Su estilo se aleja de los modelos rígidos propios de la academia, lo que le permite infundir de vida a los personajes que retrata y mostrar sus gestos y acciones con naturalidad --eliminando los excesos y adornos--; cabe destacar el hecho de que sus mujeres sonríen y enseñan los dientes, algo que era considerado poco decoroso en la época pero que, desde su punto de vista, era una manera de captar el estado emocional de la persona.
UNA MUJER MODERNA
Otro de los temas recurrentes en su obra es la pintura de género, ya que plasma de manera sincera y transparente la realidad de las mujeres en su privacidad; se trata de "una visión genuina y excepcional de una mujer sobre el mundo de las mujeres", ha explicado Oltra.
Vidal no fue una mujer típica de principios del siglo XX -relegadas a la esfera privada y dependientes de la figura masculina--, ya que desarrolló actividades que estaban destinadas exclusivamente a los hombres como trabajar, exponer, tener una autonomía económica o enseñar en su propia academia.
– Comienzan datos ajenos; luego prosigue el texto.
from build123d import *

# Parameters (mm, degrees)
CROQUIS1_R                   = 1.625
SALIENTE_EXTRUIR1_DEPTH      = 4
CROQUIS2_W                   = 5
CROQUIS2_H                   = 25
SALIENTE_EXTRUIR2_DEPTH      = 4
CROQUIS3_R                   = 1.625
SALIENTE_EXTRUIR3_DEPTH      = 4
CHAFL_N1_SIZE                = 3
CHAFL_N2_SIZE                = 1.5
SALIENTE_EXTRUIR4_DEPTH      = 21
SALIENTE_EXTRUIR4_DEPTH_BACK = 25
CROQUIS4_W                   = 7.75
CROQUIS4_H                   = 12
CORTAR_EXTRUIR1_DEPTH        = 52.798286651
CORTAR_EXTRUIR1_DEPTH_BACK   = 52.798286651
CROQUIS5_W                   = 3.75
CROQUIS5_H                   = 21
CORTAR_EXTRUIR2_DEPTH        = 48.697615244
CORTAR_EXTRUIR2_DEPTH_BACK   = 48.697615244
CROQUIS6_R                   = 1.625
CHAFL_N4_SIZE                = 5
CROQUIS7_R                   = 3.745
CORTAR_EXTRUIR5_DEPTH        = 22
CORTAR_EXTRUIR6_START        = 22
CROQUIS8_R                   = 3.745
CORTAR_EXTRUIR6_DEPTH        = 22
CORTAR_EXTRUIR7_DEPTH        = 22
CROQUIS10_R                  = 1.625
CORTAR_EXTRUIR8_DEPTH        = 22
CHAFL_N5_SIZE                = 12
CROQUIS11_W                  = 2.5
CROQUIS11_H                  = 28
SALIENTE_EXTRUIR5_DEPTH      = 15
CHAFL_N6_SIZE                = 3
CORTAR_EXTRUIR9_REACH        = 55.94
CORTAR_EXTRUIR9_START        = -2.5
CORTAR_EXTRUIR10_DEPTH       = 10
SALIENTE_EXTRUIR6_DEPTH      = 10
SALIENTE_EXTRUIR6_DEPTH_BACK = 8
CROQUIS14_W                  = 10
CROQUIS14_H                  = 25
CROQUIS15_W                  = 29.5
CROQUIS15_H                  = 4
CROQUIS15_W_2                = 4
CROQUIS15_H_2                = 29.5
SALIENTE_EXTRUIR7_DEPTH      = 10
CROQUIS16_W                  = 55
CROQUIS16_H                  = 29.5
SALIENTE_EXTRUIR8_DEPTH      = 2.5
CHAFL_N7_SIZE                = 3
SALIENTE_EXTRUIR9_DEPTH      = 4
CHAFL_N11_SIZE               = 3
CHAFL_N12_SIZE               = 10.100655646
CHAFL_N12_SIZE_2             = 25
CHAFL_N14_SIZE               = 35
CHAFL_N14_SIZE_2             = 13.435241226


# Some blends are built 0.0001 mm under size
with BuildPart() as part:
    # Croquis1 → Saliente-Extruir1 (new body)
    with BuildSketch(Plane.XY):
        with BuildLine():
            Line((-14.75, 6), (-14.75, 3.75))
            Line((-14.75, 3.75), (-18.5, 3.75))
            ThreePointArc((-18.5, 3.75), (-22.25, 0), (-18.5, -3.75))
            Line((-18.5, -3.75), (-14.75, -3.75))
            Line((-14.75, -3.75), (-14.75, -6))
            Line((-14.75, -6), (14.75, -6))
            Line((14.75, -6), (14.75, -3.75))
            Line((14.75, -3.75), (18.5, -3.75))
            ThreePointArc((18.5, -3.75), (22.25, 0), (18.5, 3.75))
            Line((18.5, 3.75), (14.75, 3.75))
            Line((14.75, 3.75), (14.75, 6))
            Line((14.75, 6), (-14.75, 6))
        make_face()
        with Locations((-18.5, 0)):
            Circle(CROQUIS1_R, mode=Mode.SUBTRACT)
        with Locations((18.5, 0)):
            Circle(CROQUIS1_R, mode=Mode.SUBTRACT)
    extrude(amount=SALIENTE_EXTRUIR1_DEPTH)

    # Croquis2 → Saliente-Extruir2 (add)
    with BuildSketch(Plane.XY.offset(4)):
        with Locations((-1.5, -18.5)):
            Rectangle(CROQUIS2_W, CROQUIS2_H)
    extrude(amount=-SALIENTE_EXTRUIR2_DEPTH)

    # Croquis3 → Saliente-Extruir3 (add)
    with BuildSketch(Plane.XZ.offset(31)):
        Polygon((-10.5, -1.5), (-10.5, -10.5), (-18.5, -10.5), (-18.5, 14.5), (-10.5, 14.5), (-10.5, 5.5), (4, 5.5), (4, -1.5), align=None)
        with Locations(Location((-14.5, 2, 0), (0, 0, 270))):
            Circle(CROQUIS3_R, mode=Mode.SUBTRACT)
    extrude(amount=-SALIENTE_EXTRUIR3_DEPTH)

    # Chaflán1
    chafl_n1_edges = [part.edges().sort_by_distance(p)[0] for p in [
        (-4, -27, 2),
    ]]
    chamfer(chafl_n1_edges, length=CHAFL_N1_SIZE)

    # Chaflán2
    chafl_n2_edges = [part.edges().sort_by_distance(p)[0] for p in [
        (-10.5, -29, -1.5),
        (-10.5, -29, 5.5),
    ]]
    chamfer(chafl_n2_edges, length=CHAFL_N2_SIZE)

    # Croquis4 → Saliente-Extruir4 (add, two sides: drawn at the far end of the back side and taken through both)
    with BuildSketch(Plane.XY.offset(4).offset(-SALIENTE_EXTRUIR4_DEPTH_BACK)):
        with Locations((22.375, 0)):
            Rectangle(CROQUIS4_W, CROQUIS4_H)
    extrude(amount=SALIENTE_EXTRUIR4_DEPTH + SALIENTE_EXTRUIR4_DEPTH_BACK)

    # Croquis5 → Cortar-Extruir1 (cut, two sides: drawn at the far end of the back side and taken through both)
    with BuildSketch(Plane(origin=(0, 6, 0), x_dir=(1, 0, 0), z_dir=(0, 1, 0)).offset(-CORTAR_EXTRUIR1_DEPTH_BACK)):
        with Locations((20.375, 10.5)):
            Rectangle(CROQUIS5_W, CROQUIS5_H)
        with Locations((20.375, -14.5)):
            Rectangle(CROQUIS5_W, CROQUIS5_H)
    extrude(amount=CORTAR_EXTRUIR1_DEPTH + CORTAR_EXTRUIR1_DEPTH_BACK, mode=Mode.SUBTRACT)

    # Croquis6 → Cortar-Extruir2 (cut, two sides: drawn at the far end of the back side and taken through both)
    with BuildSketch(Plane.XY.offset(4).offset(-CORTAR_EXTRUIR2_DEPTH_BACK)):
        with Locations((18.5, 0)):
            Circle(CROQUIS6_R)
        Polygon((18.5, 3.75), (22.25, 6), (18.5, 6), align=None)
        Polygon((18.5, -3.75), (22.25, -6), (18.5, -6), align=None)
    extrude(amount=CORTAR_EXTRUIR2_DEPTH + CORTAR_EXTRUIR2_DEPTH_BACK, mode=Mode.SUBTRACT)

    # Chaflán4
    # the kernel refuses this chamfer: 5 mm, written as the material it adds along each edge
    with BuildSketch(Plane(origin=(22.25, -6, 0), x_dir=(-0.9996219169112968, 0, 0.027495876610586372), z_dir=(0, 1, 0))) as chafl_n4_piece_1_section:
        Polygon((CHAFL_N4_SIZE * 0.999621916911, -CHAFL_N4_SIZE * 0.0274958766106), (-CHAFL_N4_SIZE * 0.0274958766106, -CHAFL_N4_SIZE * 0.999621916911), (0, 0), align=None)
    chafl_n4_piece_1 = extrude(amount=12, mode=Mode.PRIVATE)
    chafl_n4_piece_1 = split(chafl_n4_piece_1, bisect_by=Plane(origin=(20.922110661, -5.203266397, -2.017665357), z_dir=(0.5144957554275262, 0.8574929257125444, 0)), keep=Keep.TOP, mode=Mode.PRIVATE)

Su repentina muerte por fiebre española en 1918 impidió que pudiese seguir su trayectoria artística; en 1919 se celebró el primer aniversario de su muerte con una exposición homenaje en la Sala Parés de Barcelona a la que acudieron familiares y amigos; posteriormente la artista desapareció del panorama artístico hasta el 1999, momento en que se llevó a cabo la exposición 'Modernismo Catalán' en A Coruña.